Diese Aspekte können zwar an anderer Stelle im Zulassungsverfahren eine Rolle spielen (z.B. als Bonus im Auswahlverfahren der Hochschulen), sie ersetzen aber nicht die besonderen persönlichen Härtegründe, die für eine Härtefallzulassung erforderlich sind.


6. Wie unterstütze ich Sie bei Härtefallzulassungen ?

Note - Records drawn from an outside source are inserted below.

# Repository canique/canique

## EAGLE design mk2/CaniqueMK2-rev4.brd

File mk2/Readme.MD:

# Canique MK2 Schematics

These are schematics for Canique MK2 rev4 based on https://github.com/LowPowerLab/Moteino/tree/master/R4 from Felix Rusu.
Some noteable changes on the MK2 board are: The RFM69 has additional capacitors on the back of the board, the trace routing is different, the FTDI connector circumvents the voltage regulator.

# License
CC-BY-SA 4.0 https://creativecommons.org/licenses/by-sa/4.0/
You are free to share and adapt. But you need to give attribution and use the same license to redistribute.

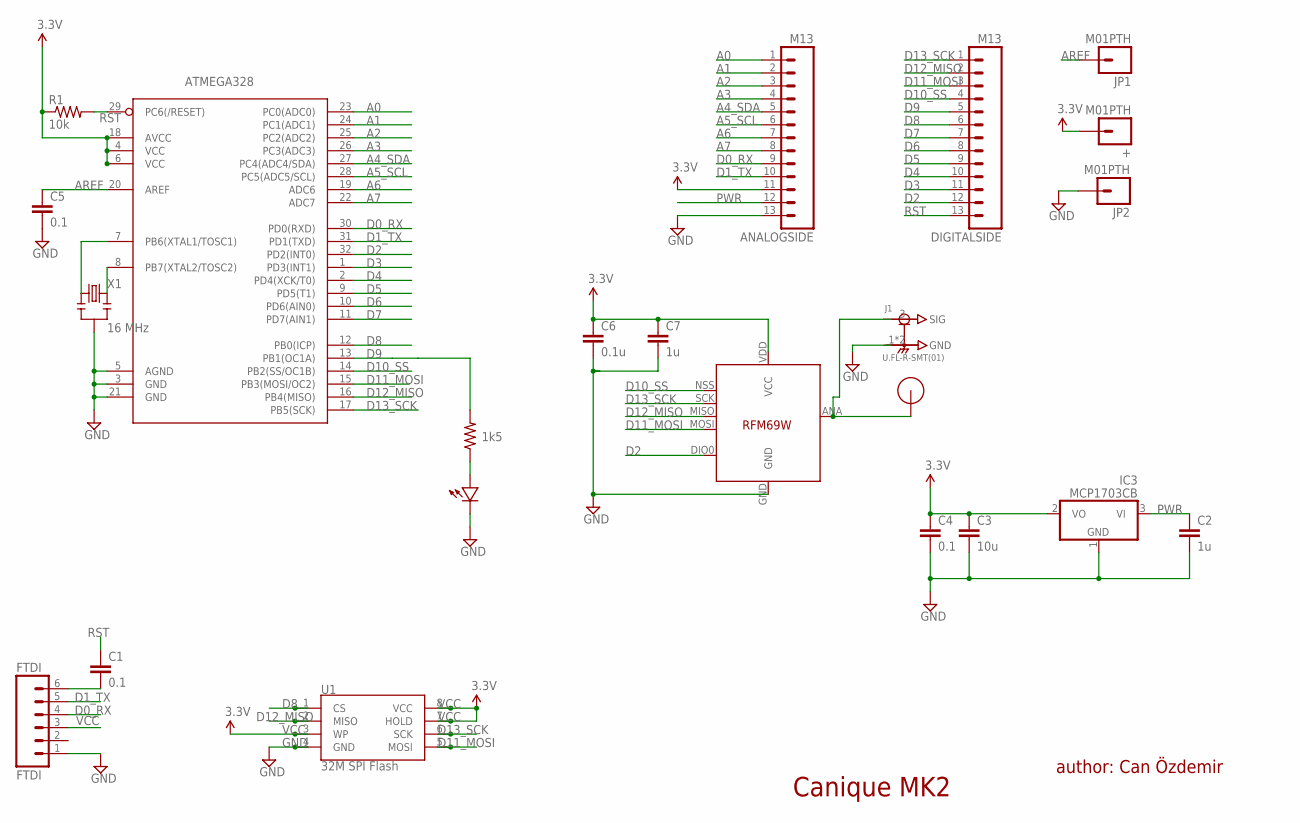
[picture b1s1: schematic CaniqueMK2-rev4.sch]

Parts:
+: M01PTH; 1X01
ANALOGSIDE: M13; 1X13
ATMEGA328: ATMega-328; TQFP32-08
C1, C4, C5: 0.1; 0603-CAP
C2, C7: 1u; 0603-CAP
C3: 10u; 0805-CAP
C6: 0.1u; 0603-CAP
DIGITALSIDE: M13; 1X13
FTDI: FTDI; 1X06
IC3: MCP1703CB; SOT23
J1: U.FL-R-SMT(01); HRS_U.FL-R-SMT(01)
JP1, JP2: M01PTH; 1X01
R1: 10k; 0603-RES
R2: 1k5; 0603-RES
U1: 32M SPI Flash; SO08
U$1: RFM12B_ANTENNA; RFM12B-ANTENNA
U$2: LED0603; 0603-LED
U$5: RFM69; RFM69W-MINPADS
X1: 16 MHz; RESONATOR-SMD

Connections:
A0: ANALOGSIDE.1, ATMEGA328.23 (PC0(ADC0))
A1: ANALOGSIDE.2, ATMEGA328.24 (PC1(ADC1))
A2: ANALOGSIDE.3, ATMEGA328.25 (PC2(ADC2))
A3: ANALOGSIDE.4, ATMEGA328.26 (PC3(ADC3))
A4_SDA: ANALOGSIDE.5, ATMEGA328.27 (PC4(ADC4/SDA))
A5_SCL: ANALOGSIDE.6, ATMEGA328.28 (PC5(ADC5/SCL))
A6: ANALOGSIDE.7, ATMEGA328.19 (ADC6)
A7: ANALOGSIDE.8, ATMEGA328.22 (ADC7)
AREF: ATMEGA328.20 (AREF), C5.1, JP1.1
D0_RX: ANALOGSIDE.9, ATMEGA328.30 (PD0(RXD)), FTDI.4
D1_TX: ANALOGSIDE.10, ATMEGA328.31 (PD1(TXD)), FTDI.5
D2: ATMEGA328.32 (PD2(INT0)), DIGITALSIDE.12, U$5.DIO0
D3: ATMEGA328.1 (PD3(INT1)), DIGITALSIDE.11
D4: ATMEGA328.2 (PD4(XCK/T0)), DIGITALSIDE.10
D5: ATMEGA328.9 (PD5(T1)), DIGITALSIDE.9
D6: ATMEGA328.10 (PD6(AIN0)), DIGITALSIDE.8
D7: ATMEGA328.11 (PD7(AIN1)), DIGITALSIDE.7
D8: ATMEGA328.12 (PB0(ICP)), DIGITALSIDE.6, U1.1 (CS)
D9: ATMEGA328.13 (PB1(OC1A)), DIGITALSIDE.5, R2.2
D10_SS: ATMEGA328.14 (PB2(SS/OC1B)), DIGITALSIDE.4, U$5.NSS (SEL)
D11_MOSI: ATMEGA328.15 (PB3(MOSI/OC2)), DIGITALSIDE.3, U1.5 (MOSI), U$5.MOSI
D12_MISO: ATMEGA328.16 (PB4(MISO)), DIGITALSIDE.2, U1.2 (MISO), U$5.MISO
D13_SCK: ATMEGA328.17 (PB5(SCK)), DIGITALSIDE.1, U1.6 (SCK), U$5.SCK
GND: ANALOGSIDE.13, ATMEGA328.3 (GND), ATMEGA328.5 (AGND), ATMEGA328.21 (GND), C2.2, C3.2, C4.2, C5.2, C6.2, C7.2, FTDI.1, IC3.1 (GND), J1.1 (GND), J1.2 (GND), JP2.1, U1.4 (GND), U$2.MINUS, U$5.GND, X1.2
unnamed: ATMEGA328.7 (PB6(XTAL1/TOSC1)), X1.1
unnamed: R2.1, U$2.PLUS
unnamed: J1.3 (SIG), U$1.P$1, U$5.ANA (ANT)
unnamed: C1.2, FTDI.6
unnamed: ATMEGA328.8 (PB7(XTAL2/TOSC2)), X1.3
PWR: ANALOGSIDE.12, C2.1, IC3.3 (VI)
RST: ATMEGA328.29 (PC6(/RESET)), C1.1, DIGITALSIDE.13, R1.2
VCC: +.1, ANALOGSIDE.11, ATMEGA328.4 (VCC), ATMEGA328.6 (VCC), ATMEGA328.18 (AVCC), C3.1, C4.1, C6.1, C7.1, FTDI.3, IC3.2 (VO), R1.1, U1.3 (WP), U1.7 (HOLD), U1.8 (VCC), U$5.VDD (VCC)

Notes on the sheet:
Canique MK2
author: Can Özdemir

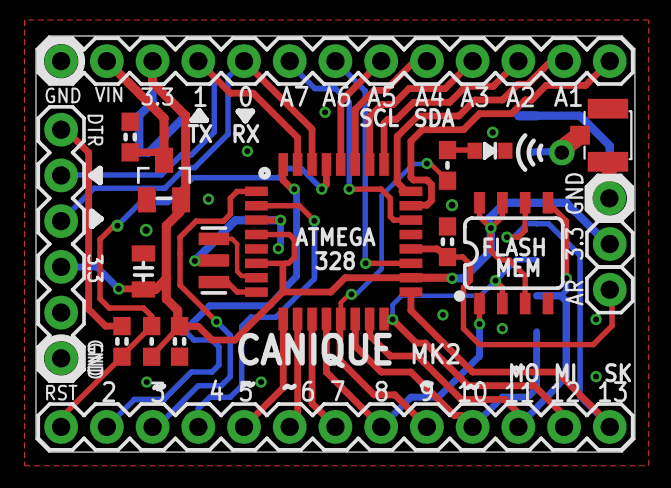
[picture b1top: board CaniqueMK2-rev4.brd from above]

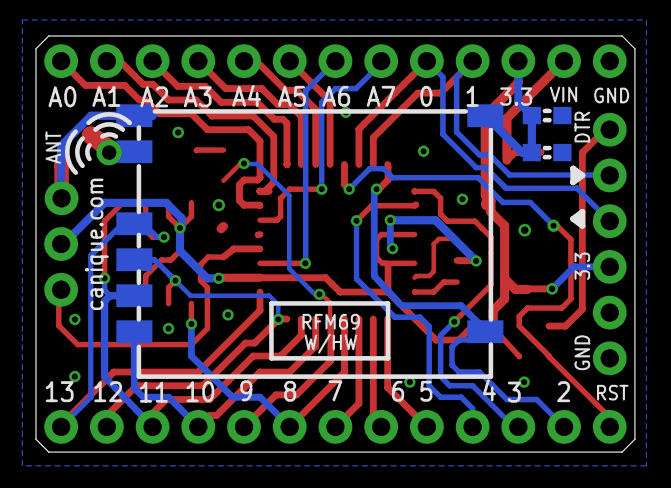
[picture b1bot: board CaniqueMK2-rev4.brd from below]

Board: 2 copper layers, 33.3 x 23.1 mm, 23 parts (3 on the bottom side), 32 nets.

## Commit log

2018-02-03 Create battery_measurement.ino
    Used to demonstrate how to measure battery voltage with a Canique ULV board.
2018-02-04 Update battery_measurement.ino
    added comment
2018-02-04 Update battery_measurement.ino
    fixed error with BATTERY_VOLTAGE_PRESCALER
    put a delay after switching voltage reference
    discard readings that are interrupted by any other interrupt than the ADC interrupt
2018-02-28 Update battery_measurement.ino
    Fixed power consumption issues with ADC in low power mode.
2018-08-20 MK3e test sketches to test RFM95/96 connectivity
2023-02-22 mk2 rev4 schematics

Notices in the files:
parts and their libraries:
SparkFun-Connectors: Licensing: CC v3.0 Share-Alike You are welcome to use this library for commercial purposes.
SparkFun-IC-Memory: Licensing: Creative Commons ShareAlike 4.0 International - https://creativecommons.org/licenses/by-sa/4.0

Härtefallzulassungen im Studiengang Humanmedizin sind rechtlich und tatsächlich hoch komplex. Sie erfordern eine sehr genaue Kenntnis der landesrechtlichen Vorgaben, der jeweiligen Regelungen bei Hochschulstart und der hochschulinternen Satzungen, aber auch viel Erfahrung mit den typischen Fallkonstellationen und der tatsächlichen Verwaltungspraxis. Als Rechtsanwältin und Fachanwältin für Verwaltungsrecht berate und vertrete seit vielen Jahren bundesweit Bewerber:innen und Studierende im Hochschulzulassungsrecht – mit einem besonderen Schwerpunkt auf Medizinstudienplätzen und Härtefallanträgen sowohl im ersten als auch in höheren Fachsemestern. Durch diese Spezialisierung kann ich oft sehr schnell einschätzen, ob ein Härtefallantrag in Ihrer konkreten Situation Aussicht auf Erfolg hat oder ob ein solcher Weg eher nicht sinnvoll ist. Für Sie bedeutet das:

  • Ich prüfe zunächst mit Ihnen, ob in Ihrem Fall überhaupt eine ernsthafte Härtefallkonstellation erkennbar ist.
  • Wenn ich aus rechtlicher Sicht keine tragfähigen Erfolgsaussichten sehe, sage ich das klar und deutlich und rate von weitere aufwendigen Schritten ab. Ggf. schwenken wir auf ein anderes Vorgehen um.
  • Wenn sich ein Härtefallantrag hingegen anbietet, erarbeite ich mit Ihnen eine klare Strategie und unterstütze Sie bei der geordneten Zusammenstellung und Strukturierung der erforderlichen Unterlagen.

Die anwaltliche Erstberatung biete ich zu einer gesetzlichen Erstberatungsgebühr nach RVG von 226,10 Euro (brutto) an. Diese Erstberatung kann unkompliziert über meine Homepage online gebucht und in der Regel auch per Videokonferenz oder telefonisch durchgeführt werden. In der Erstberatung erhalten Sie eine fundierte rechtliche Einschätzung dazu, ob ein Härtefallantrag im Medizinstudium in Ihrem Fall in Betracht kommt und welche nächsten Schritte sinnvoll sind. Kommt es anschließend zu einer tatsächlichen Mandatierung, etwa zur Ausarbeitung und Begründung eines Härtefallantrags oder zur Vertretung in einem Widerspruchs- oder Klageverfahren, erfolgt die Zusammenarbeit mit mir grundsätzlich auf Grundlage einer Honorarvereinbarung. Hintergrund ist, dass es bei Medizinstudienplätzen um ein sehr hohes persönliches und berufliches Gut geht und dass die Bearbeitung dieser Verfahren ein äußerst spezialisiertes, zeitintensives Fachwissen erfordert. Die Vergütung nach dem RVG bildet hier weder den Wert noch meine erlangte Expertise ab.